══ Input for this task ══

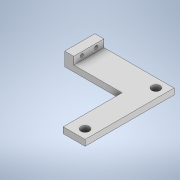
# Autodesk Inventor part: limit_switch_lower_mount
Saved by Autodesk Inventor 2022 (Build 260153000, 153)
## iProperties
Created: 2022-02-08
Part Number: limit_switch_lower_mount
Material: Generic
Document SubType Name: Modeling
Designer: kylem
Density: 1 g/cm^3
Appearance: Default
Author: kylem
Autodesk Inventor part; units mm, degrees
ref_plane "YZ Plane" through (0, 0, 0) normal (1, 0, 0) x (0, 1, 0)
ref_plane "XZ Plane" through (0, 0, 0) normal (0, 1, 0) x (-1, 0, 0)
ref_plane "XY Plane" through (0, 0, 0) normal (0, 0, 1) x (1, 0, 0)
sketch "Sketch1" plane through (0, 0, 0) normal (0, 1, 0) x (-1, 0, 0)
  line L0 (0, 0) -> (40.5, 0)
  line L1 (40.5, 0) -> (40.5, -47)
  line L2 (40.5, -47) -> (0, -47)
  line L3 (0, -47) -> (0, 0)
  circle A0 centre (0, 0) radius 2.8
  circle A1 centre (0, -47) radius 2.8
  line L4 (0, 0) -> (-6, 0)
  line L5 (-6, 0) -> (-6, 6)
  line L6 (0, -47) -> (-6, -47)
  line L7 (-6, -47) -> (-6, -53)
  line L8 (-6, -53) -> (40.5, -53)
  line L9 (40.5, -53) -> (-6, -53)
  line L10 (-6, -53) -> (-6, 6)
  line L11 (-6, 6) -> (40.5, 6)
  line L12 (40.5, 6) -> (40.5, -53)
  line L13 (40.5, 6) -> (46.5, 6)
  line L14 (46.5, 6) -> (46.5, -53)
  line L15 (46.5, -53) -> (40.5, -53)
  line L16 (40.5, -53) -> (40.5, 6)
  dimension "d0" = 40.5
  dimension "d1" = 47
  dimension "d2" = 5.6
  dimension "d3" = 5.6
  dimension "d4" = 6
  dimension "d5" = 6
  dimension "d6" = 6
  dimension "d7" = 6
  dimension "d8" = 6
  constraints: 34 end point, 7 perpendicular, 6 parallel, 4 horizontal, 2 centre point, 2 coincident, 1 point on line
  measures "d0" distance of L1.end L2.end
  measures "d1" distance of L0.end L1.end
  measures "d2" diameter of A0
  measures "d3" diameter of A1
  measures "d4" distance of L4.start L4.end
  measures "d5" distance of L4.end L5.end
  measures "d6" distance of L6.start L6.end
  measures "d7" distance of L6.end L7.end
  measures "d8" distance of L14.end L15.end
extrude "Extrusion1" add sketch "Sketch1" along normal blind 4 contours A0 L4 L5 L11 L12 L0 | L0 L1 L2 A1 L3 A0 | L3 A1 L6 L10 L4 A0 | L12 L13 L14 L15 L1 | L12 L8 L7 L6 A1 L2
sketch "Sketch3" plane through (-46.5, 0, -53) normal (-1, 0, 0) x (0, 0, 1)
  line L0 (0, 0) -> (0, 4) projected
  line L1 (0, 4) -> (20, 4)
  line L2 (20, 4) -> (20, 9)
  line L3 (20, 9) -> (0, 9)
  line L4 (0, 9) -> (0, 4)
  point P0 (53, 0)
  dimension "d11" = 20
  dimension "d12" = 5
  constraints: 8 end point, 2 parallel, 1 horizontal, 1 perpendicular
  measures "d11" distance of L3.end L2.end
  measures "d12" distance of L2.end L1.end
extrude "Extrusion2" add sketch "Sketch3" against normal blind 6
sketch "Sketch4" plane through (0, 4, 0) normal (0, 1, 0) x (1, 0, 0)
  line L0 (-46.5, -6) -> (6, -6) projected
  line L1 (-46.5, -6) -> (-8.5, -6)
  line L2 (-8.5, -6) -> (-8.5, 36)
  line L3 (-8.5, 36) -> (-46.5, 36)
  line L4 (-46.5, 36) -> (-46.5, -6)
  point P0 (0, 0)
  dimension "d15" = 38
  dimension "d16" = 42
  constraints: 8 end point, 2 parallel, 1 horizontal, 1 perpendicular
  measures "d15" distance of L3.end L2.end
  measures "d16" distance of L2.end L1.end
extrude "Extrusion3" cut sketch "Sketch4" against normal blind 6
sketch "Sketch5" plane through (-46.5, 9, -53) normal (-1, 0, 0) x (0, 0, 1)
  line L0 (20, 0) -> (0, 0) projected
  line L1 (10, 0) -> (5.25, 0)
  line L2 (5.25, 0) -> (5.25, 2.25)
  line L3 (5.25, 0) -> (5.25, -2.25)
  line L4 (5.25, -2.25) -> (14.75, -2.25)
  circle A0 centre (5.25, -2.25) radius 1.1
  circle A1 centre (14.75, -2.25) radius 1.1
  point P0 (53, -9)
  dimension "d19" = 4.75
  dimension "d20" = 2.25
  dimension "d21" = 90
  dimension "d22" = 2.25
  dimension "d23" = 9.5
  dimension "d24" = 2.2
  dimension "d25" = 2.2
  constraints: 8 end point, 2 centre point, 2 coincident, 2 perpendicular, 1 midpoint, 1 point on line, 1 vertical
  measures "d19" distance of L1.start L1.end
  measures "d20" distance of L1.end L2.end
  measures "d21" angle of L1 L2
  measures "d22" distance of L1.end L3.end
  measures "d23" distance of L3.end L4.end
  measures "d24" diameter of A0
  measures "d25" diameter of A1
extrude "Extrusion4" cut sketch "Sketch5" against normal blind 6
sketch "Sketch6" plane through (0, 4, 0) normal (0, -1, 0) x (1, 0, 0)
  line L0 (-46.5, -36) -> (-46.5, -33) projected
  line L1 (-8.5, -36) -> (-8.5, 6) projected
  line L2 (-46.5, -33) -> (-8.5, -33)
  line L3 (-8.5, -33) -> (-8.5, -36)
  line L4 (-8.5, -36) -> (-46.5, -36)
  line L5 (-46.5, -36) -> (-46.5, -33)
  point P0 (0, 0)
  constraints: 8 end point, 2 parallel, 1 horizontal, 1 perpendicular
extrude "Extrusion5" add sketch "Sketch6" along normal blind 4
body "Solid1"

═══

Work to complete -
Each entry is to be written out again word for word, and any pictures are to be omitted.

Output for this exercise -
# Autodesk Inventor part: limit_switch_lower_mount
Saved by Autodesk Inventor 2022 (Build 260153000, 153)
## iProperties
Created: 2022-02-08
Part Number: limit_switch_lower_mount
Material: Generic
Document SubType Name: Modeling
Designer: kylem
Density: 1 g/cm^3
Appearance: Default
Author: kylem
Autodesk Inventor part; units mm, degrees
ref_plane "YZ Plane" through (0, 0, 0) normal (1, 0, 0) x (0, 1, 0)
ref_plane "XZ Plane" through (0, 0, 0) normal (0, 1, 0) x (-1, 0, 0)
ref_plane "XY Plane" through (0, 0, 0) normal (0, 0, 1) x (1, 0, 0)
sketch "Sketch1" plane through (0, 0, 0) normal (0, 1, 0) x (-1, 0, 0)
  line L0 (0, 0) -> (40.5, 0)
  line L1 (40.5, 0) -> (40.5, -47)
  line L2 (40.5, -47) -> (0, -47)
  line L3 (0, -47) -> (0, 0)
  circle A0 centre (0, 0) radius 2.8
  circle A1 centre (0, -47) radius 2.8
  line L4 (0, 0) -> (-6, 0)
  line L5 (-6, 0) -> (-6, 6)
  line L6 (0, -47) -> (-6, -47)
  line L7 (-6, -47) -> (-6, -53)
  line L8 (-6, -53) -> (40.5, -53)
  line L9 (40.5, -53) -> (-6, -53)
  line L10 (-6, -53) -> (-6, 6)
  line L11 (-6, 6) -> (40.5, 6)
  line L12 (40.5, 6) -> (40.5, -53)
  line L13 (40.5, 6) -> (46.5, 6)
  line L14 (46.5, 6) -> (46.5, -53)
  line L15 (46.5, -53) -> (40.5, -53)
  line L16 (40.5, -53) -> (40.5, 6)
  dimension "d0" = 40.5
  dimension "d1" = 47
  dimension "d2" = 5.6
  dimension "d3" = 5.6
  dimension "d4" = 6
  dimension "d5" = 6
  dimension "d6" = 6
  dimension "d7" = 6
  dimension "d8" = 6
  constraints: 34 end point, 7 perpendicular, 6 parallel, 4 horizontal, 2 centre point, 2 coincident, 1 point on line
  measures "d0" distance of L1.end L2.end
  measures "d1" distance of L0.end L1.end
  measures "d2" diameter of A0
  measures "d3" diameter of A1
  measures "d4" distance of L4.start L4.end
  measures "d5" distance of L4.end L5.end
  measures "d6" distance of L6.start L6.end
  measures "d7" distance of L6.end L7.end
  measures "d8" distance of L14.end L15.end
extrude "Extrusion1" add sketch "Sketch1" along normal blind 4 contours A0 L4 L5 L11 L12 L0 | L0 L1 L2 A1 L3 A0 | L3 A1 L6 L10 L4 A0 | L12 L13 L14 L15 L1 | L12 L8 L7 L6 A1 L2
sketch "Sketch3" plane through (-46.5, 0, -53) normal (-1, 0, 0) x (0, 0, 1)
  line L0 (0, 0) -> (0, 4) projected
  line L1 (0, 4) -> (20, 4)
  line L2 (20, 4) -> (20, 9)
  line L3 (20, 9) -> (0, 9)
  line L4 (0, 9) -> (0, 4)
  point P0 (53, 0)
  dimension "d11" = 20
  dimension "d12" = 5
  constraints: 8 end point, 2 parallel, 1 horizontal, 1 perpendicular
  measures "d11" distance of L3.end L2.end
  measures "d12" distance of L2.end L1.end
extrude "Extrusion2" add sketch "Sketch3" against normal blind 6
sketch "Sketch4" plane through (0, 4, 0) normal (0, 1, 0) x (1, 0, 0)
  line L0 (-46.5, -6) -> (6, -6) projected
  line L1 (-46.5, -6) -> (-8.5, -6)
  line L2 (-8.5, -6) -> (-8.5, 36)
  line L3 (-8.5, 36) -> (-46.5, 36)
  line L4 (-46.5, 36) -> (-46.5, -6)
  point P0 (0, 0)
  dimension "d15" = 38
  dimension "d16" = 42
  constraints: 8 end point, 2 parallel, 1 horizontal, 1 perpendicular
  measures "d15" distance of L3.end L2.end
  measures "d16" distance of L2.end L1.end
extrude "Extrusion3" cut sketch "Sketch4" against normal blind 6
sketch "Sketch5" plane through (-46.5, 9, -53) normal (-1, 0, 0) x (0, 0, 1)
  line L0 (20, 0) -> (0, 0) projected
  line L1 (10, 0) -> (5.25, 0)
  line L2 (5.25, 0) -> (5.25, 2.25)
  line L3 (5.25, 0) -> (5.25, -2.25)
  line L4 (5.25, -2.25) -> (14.75, -2.25)
  circle A0 centre (5.25, -2.25) radius 1.1
  circle A1 centre (14.75, -2.25) radius 1.1
  point P0 (53, -9)
  dimension "d19" = 4.75
  dimension "d20" = 2.25
  dimension "d21" = 90
  dimension "d22" = 2.25
  dimension "d23" = 9.5
  dimension "d24" = 2.2
  dimension "d25" = 2.2
  constraints: 8 end point, 2 centre point, 2 coincident, 2 perpendicular, 1 midpoint, 1 point on line, 1 vertical
  measures "d19" distance of L1.start L1.end
  measures "d20" distance of L1.end L2.end
  measures "d21" angle of L1 L2
  measures "d22" distance of L1.end L3.end
  measures "d23" distance of L3.end L4.end
  measures "d24" diameter of A0
  measures "d25" diameter of A1
extrude "Extrusion4" cut sketch "Sketch5" against normal blind 6
sketch "Sketch6" plane through (0, 4, 0) normal (0, -1, 0) x (1, 0, 0)
  line L0 (-46.5, -36) -> (-46.5, -33) projected
  line L1 (-8.5, -36) -> (-8.5, 6) projected
  line L2 (-46.5, -33) -> (-8.5, -33)
  line L3 (-8.5, -33) -> (-8.5, -36)
  line L4 (-8.5, -36) -> (-46.5, -36)
  line L5 (-46.5, -36) -> (-46.5, -33)
  point P0 (0, 0)
  constraints: 8 end point, 2 parallel, 1 horizontal, 1 perpendicular
extrude "Extrusion5" add sketch "Sketch6" along normal blind 4
body "Solid1"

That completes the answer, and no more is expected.